Planning on the back of an envelope

Education planning now seems to be in the hands of either a member of the House of Lords for the Tory Party or groups of parents for the Labour Party. I am not sure my own Lib DemS even understands the concept of planning, just as they also don’t sometimes seem to understand how markets operate.

Lord Baker’s idea of vocational colleges for the 14-18 sector chimes well with my 2002 Report on ‘No Child Left Behind’ for the then Lib Dem education spokesperson, now Lord Willis, where I was one of the early advocates for a 14-18 sector. The difference was that I wanted the sector as part of rational planning for the whole age-group, not just the abstracting of limited numbers of young people across the country to attend such colleges. How will it really work in rural areas unless someone pays for the transport costs? In London the Mayor has so much cash that he can provide free transport for secondary age students to travel to school anywhere in the Capital. Locally, in Oxfordshire, the ruling Conservative and Independent Coalition will probably struggle against budget cutbacks to maintain the present level of home to school transport provision in 2014.

If the Tories have abrogated planning to Lord Baker then Labour seems, according to the new Shadow Secretary of State, to be happy to pass the baton for the future of our school system to random groups of parents that presumably want private schools on the rates. I suppose that is one way of reducing the influence of the independent schools, but it will come with a hefty funding cost or will produce a lot of disappointed parents. But, perhaps Labour has noticed that relatively speaking apparently fewer new schools backed by parents and teachers are now being approved than in the first rounds of free school applications.
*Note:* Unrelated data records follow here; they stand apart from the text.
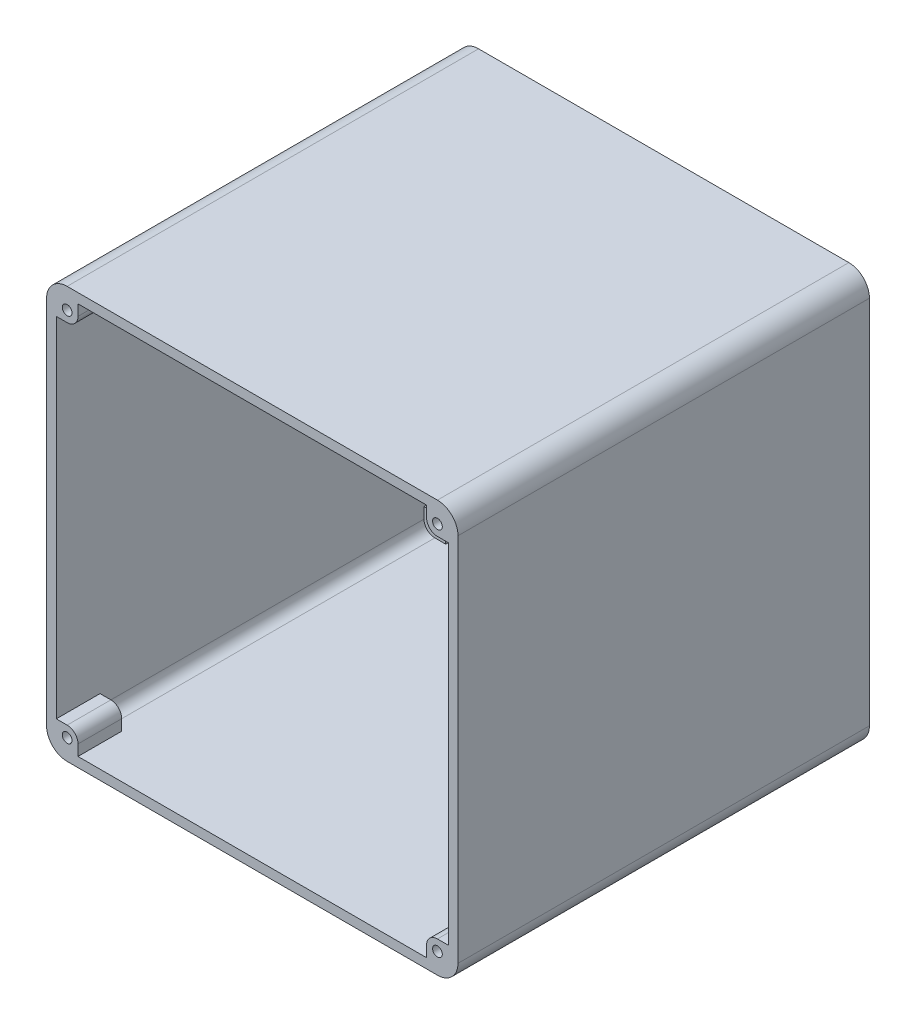
from build123d import *

# Parameters (mm, degrees)
SKETCH1_W           = 127
SKETCH1_H           = 127
SKETCH1_W_2         = 121
SKETCH1_H_2         = 121
SKETCH1_R           = 38.5
BOSS_EXTRUDE1_DEPTH = 13.5
FILLET1_R           = 6.35
SKETCH2_R           = 1.5
CUT_EXTRUDE1_DEPTH  = 91.811618199
BOSS_EXTRUDE2_DEPTH = 100
SKETCH5_R           = 1.5
BOSS_EXTRUDE3_DEPTH = 13.5


with BuildPart() as part:
    # Sketch1 → Boss-Extrude1 (new body)
    with BuildSketch(Plane.XY):
        Rectangle(SKETCH1_W, SKETCH1_H)
        Rectangle(SKETCH1_W_2, SKETCH1_H_2, mode=Mode.SUBTRACT)
        Rectangle(SKETCH1_W_2, SKETCH1_H_2)
        Circle(SKETCH1_R, mode=Mode.SUBTRACT)
        Circle(SKETCH1_R)
    extrude(amount=BOSS_EXTRUDE1_DEPTH)

    # Fillet1
    fillet1_edges = [part.edges().sort_by_distance(p)[0] for p in [
        (-63.5, 63.5, 6.75),
        (63.5, 63.5, 6.75),
        (63.5, -63.5, 6.75),
        (-63.5, -63.5, 6.75),
    ]]
    fillet(fillet1_edges, radius=FILLET1_R)

    # Sketch2 → Cut-Extrude1 (cut, through all)
    with BuildSketch(Plane.XY.offset(13.5)):
        with Locations(Location((57.15, 57.15, 0), (0, 0, 180))):
            Circle(SKETCH2_R)
        with Locations((57.15, -57.15)):
            Circle(SKETCH2_R)
        with Locations((-57.15, 57.15)):
            Circle(SKETCH2_R)
        with Locations(Location((-57.15, -57.15, 0), (0, 0, 180))):
            Circle(SKETCH2_R)
        with BuildLine():
            Line((53.8, 57.15), (53.8, 60.5))
            Line((53.8, 60.5), (-53.8, 60.5))
            Line((-53.8, 60.5), (-53.8, 57.15))
            ThreePointArc((-53.8, 57.15), (-54.781192283, 54.781192283), (-57.15, 53.8))
            Line((-57.15, 53.8), (-60.5, 53.8))
            Line((-60.5, 53.8), (-60.5, -53.8))
            Line((-60.5, -53.8), (-57.15, -53.8))
            ThreePointArc((-57.15, -53.8), (-54.781192283, -54.781192283), (-53.8, -57.15))
            Line((-53.8, -57.15), (-53.8, -60.5))
            Line((-53.8, -60.5), (53.8, -60.5))
            Line((53.8, -60.5), (53.8, -57.15))
            ThreePointArc((53.8, -57.15), (54.781192283, -54.781192283), (57.15, -53.8))
            Line((57.15, -53.8), (60.5, -53.8))
            Line((60.5, -53.8), (60.5, 53.8))
            Line((60.5, 53.8), (57.15, 53.8))
            ThreePointArc((57.15, 53.8), (54.781192283, 54.781192283), (53.8, 57.15))
        make_face()
    extrude(amount=-CUT_EXTRUDE1_DEPTH, mode=Mode.SUBTRACT)

    # Sketch4 → Boss-Extrude2 (add)
    with BuildSketch(Plane(origin=(0, 0, 0), x_dir=(-1, 0, 0), z_dir=(0, 0, -1))):
        with BuildLine():
            ThreePointArc((63.5, 57.15), (61.640128061, 61.640128061), (57.15, 63.5))
            Line((57.15, 63.5), (-57.15, 63.5))
            ThreePointArc((-57.15, 63.5), (-61.640128061, 61.640128061), (-63.5, 57.15))
            Line((-63.5, 57.15), (-63.5, -57.15))
            ThreePointArc((-63.5, -57.15), (-61.640128061, -61.640128061), (-57.15, -63.5))
            Line((-57.15, -63.5), (57.15, -63.5))
            ThreePointArc((57.15, -63.5), (61.640128061, -61.640128061), (63.5, -57.15))
            Line((63.5, -57.15), (63.5, 57.15))
        make_face()
        with BuildLine():
            Line((53.8, 60.5), (57.15, 60.5))
            ThreePointArc((57.15, 60.5), (59.518807717, 59.518807717), (60.5, 57.15))
            Line((60.5, 57.15), (60.5, 53.8))
            Line((60.5, 53.8), (60.5, -53.8))
            Line((60.5, -53.8), (60.5, -57.15))
            ThreePointArc((60.5, -57.15), (59.518807717, -59.518807717), (57.15, -60.5))
            Line((57.15, -60.5), (53.8, -60.5))
            Line((53.8, -60.5), (-53.8, -60.5))
            Line((-53.8, -60.5), (-57.15, -60.5))
            ThreePointArc((-57.15, -60.5), (-59.518807717, -59.518807717), (-60.5, -57.15))
            Line((-60.5, -57.15), (-60.5, -53.8))
            Line((-60.5, -53.8), (-60.5, 53.8))
            Line((-60.5, 53.8), (-60.5, 57.15))
            ThreePointArc((-60.5, 57.15), (-59.518807717, 59.518807717), (-57.15, 60.5))
            Line((-57.15, 60.5), (-53.8, 60.5))
            Line((-53.8, 60.5), (53.8, 60.5))
        make_face(mode=Mode.SUBTRACT)
    extrude(amount=BOSS_EXTRUDE2_DEPTH)

    # Sketch5 → Boss-Extrude3 (add)
    with BuildSketch(Plane(origin=(0, 0, -100), x_dir=(-1, 0, 0), z_dir=(0, 0, -1))):
        with BuildLine():
            Line((63.5, -57.15), (63.5, 57.15))
            ThreePointArc((63.5, 57.15), (61.640128061, 61.640128061), (57.15, 63.5))
            Line((57.15, 63.5), (-57.15, 63.5))
            ThreePointArc((-57.15, 63.5), (-61.640128061, 61.640128061), (-63.5, 57.15))
            Line((-63.5, 57.15), (-63.5, -57.15))
            ThreePointArc((-63.5, -57.15), (-61.640128061, -61.640128061), (-57.15, -63.5))
            Line((-57.15, -63.5), (57.15, -63.5))
            ThreePointArc((57.15, -63.5), (61.640128061, -61.640128061), (63.5, -57.15))
        make_face()
        with BuildLine():
            Line((-60.5, -57.15), (-60.5, 57.15))
            ThreePointArc((-60.5, 57.15), (-59.518807717, 59.518807717), (-57.15, 60.5))
            Line((-57.15, 60.5), (57.15, 60.5))
            ThreePointArc((57.15, 60.5), (59.518807717, 59.518807717), (60.5, 57.15))
            Line((60.5, 57.15), (60.5, -57.15))
            ThreePointArc((60.5, -57.15), (59.518807717, -59.518807717), (57.15, -60.5))
            Line((57.15, -60.5), (-57.15, -60.5))
            ThreePointArc((-57.15, -60.5), (-59.518807717, -59.518807717), (-60.5, -57.15))
        make_face(mode=Mode.SUBTRACT)
        with BuildLine():
            Line((-57.15, -53.8), (-60.5, -53.8))
            Line((-60.5, -53.8), (-60.5, -57.15))
            ThreePointArc((-60.5, -57.15), (-59.518807717, -59.518807717), (-57.15, -60.5))
            Line((-57.15, -60.5), (-53.8, -60.5))
            Line((-53.8, -60.5), (-53.8, -57.15))
            ThreePointArc((-53.8, -57.15), (-54.781192283, -54.781192283), (-57.15, -53.8))
        make_face()
        with Locations(Location((-57.15, -57.15, 0), (0, 0, 180))):
            Circle(SKETCH5_R, mode=Mode.SUBTRACT)
        with BuildLine():
            Line((60.5, -57.15), (60.5, -53.8))
            Line((60.5, -53.8), (57.15, -53.8))
            ThreePointArc((57.15, -53.8), (54.781192283, -54.781192283), (53.8, -57.15))
            Line((53.8, -57.15), (53.8, -60.5))
            Line((53.8, -60.5), (57.15, -60.5))
            ThreePointArc((57.15, -60.5), (59.518807717, -59.518807717), (60.5, -57.15))
        make_face()
        with Locations((57.15, -57.15)):
            Circle(SKETCH5_R, mode=Mode.SUBTRACT)
        with BuildLine():
            Line((57.15, 60.5), (53.8, 60.5))
            Line((53.8, 60.5), (53.8, 57.15))
            ThreePointArc((53.8, 57.15), (54.781192283, 54.781192283), (57.15, 53.8))
            Line((57.15, 53.8), (60.5, 53.8))
            Line((60.5, 53.8), (60.5, 57.15))
            ThreePointArc((60.5, 57.15), (59.518807717, 59.518807717), (57.15, 60.5))
        make_face()
        with Locations(Location((57.15, 57.15, 0), (0, 0, 180))):
            Circle(SKETCH5_R, mode=Mode.SUBTRACT)
        with BuildLine():
            Line((-53.8, 57.15), (-53.8, 60.5))
            Line((-53.8, 60.5), (-57.15, 60.5))
            ThreePointArc((-57.15, 60.5), (-59.518807717, 59.518807717), (-60.5, 57.15))
            Line((-60.5, 57.15), (-60.5, 53.8))
            Line((-60.5, 53.8), (-57.15, 53.8))
            ThreePointArc((-57.15, 53.8), (-54.781192283, 54.781192283), (-53.8, 57.15))
        make_face()
        with Locations((-57.15, 57.15)):
            Circle(SKETCH5_R, mode=Mode.SUBTRACT)
    extrude(amount=BOSS_EXTRUDE3_DEPTH)


solid = part.part

There has been a lot of thinking about schooling over the past decade by the many lobby groups and think tanks, as well as national anguish about the performance of our school system. So we are not short of ideas, what we are short of is proper planning. Why spend money on new schools when we have the FE sector that can now take pupils from 14. The FE sector needs attention anyway, and a real boost in both resources and status, along with an encouragement to raise outcomes in the way that many schools have achieved during past decade. There is also the danger that planning 14-18 without thinking about what goes before or comes afterwards for all young people is disruptive of Key Stage 3, and may require a huge expenditure on school buildings using cash that might better be used for other areas such as social housing projects.

Finally, I haven’t heard anyone mention the teachers that might be needed, and whether Lord Baker’s plans will be neutral in staffing terms? There are not enough highly qualified maths and science teachers to go around at present. If we increase demand, by teaching more science and technology, then the discipline of the market will be reflected in the price schools will have to pay. We are already at risk of not training enough mathematics, physics and computer science teachers, and it is important to know the effects of any shortfall on other schools if the vocational colleges are funded sufficiently well to take first pick of what teachers there are.

A new approach to 14-18 is definitely needed; whether more schools is the answer is open to debate. There might be better use of the resources. Bringing back 14-19 FE back into the DfE, and away from BiS might be a start.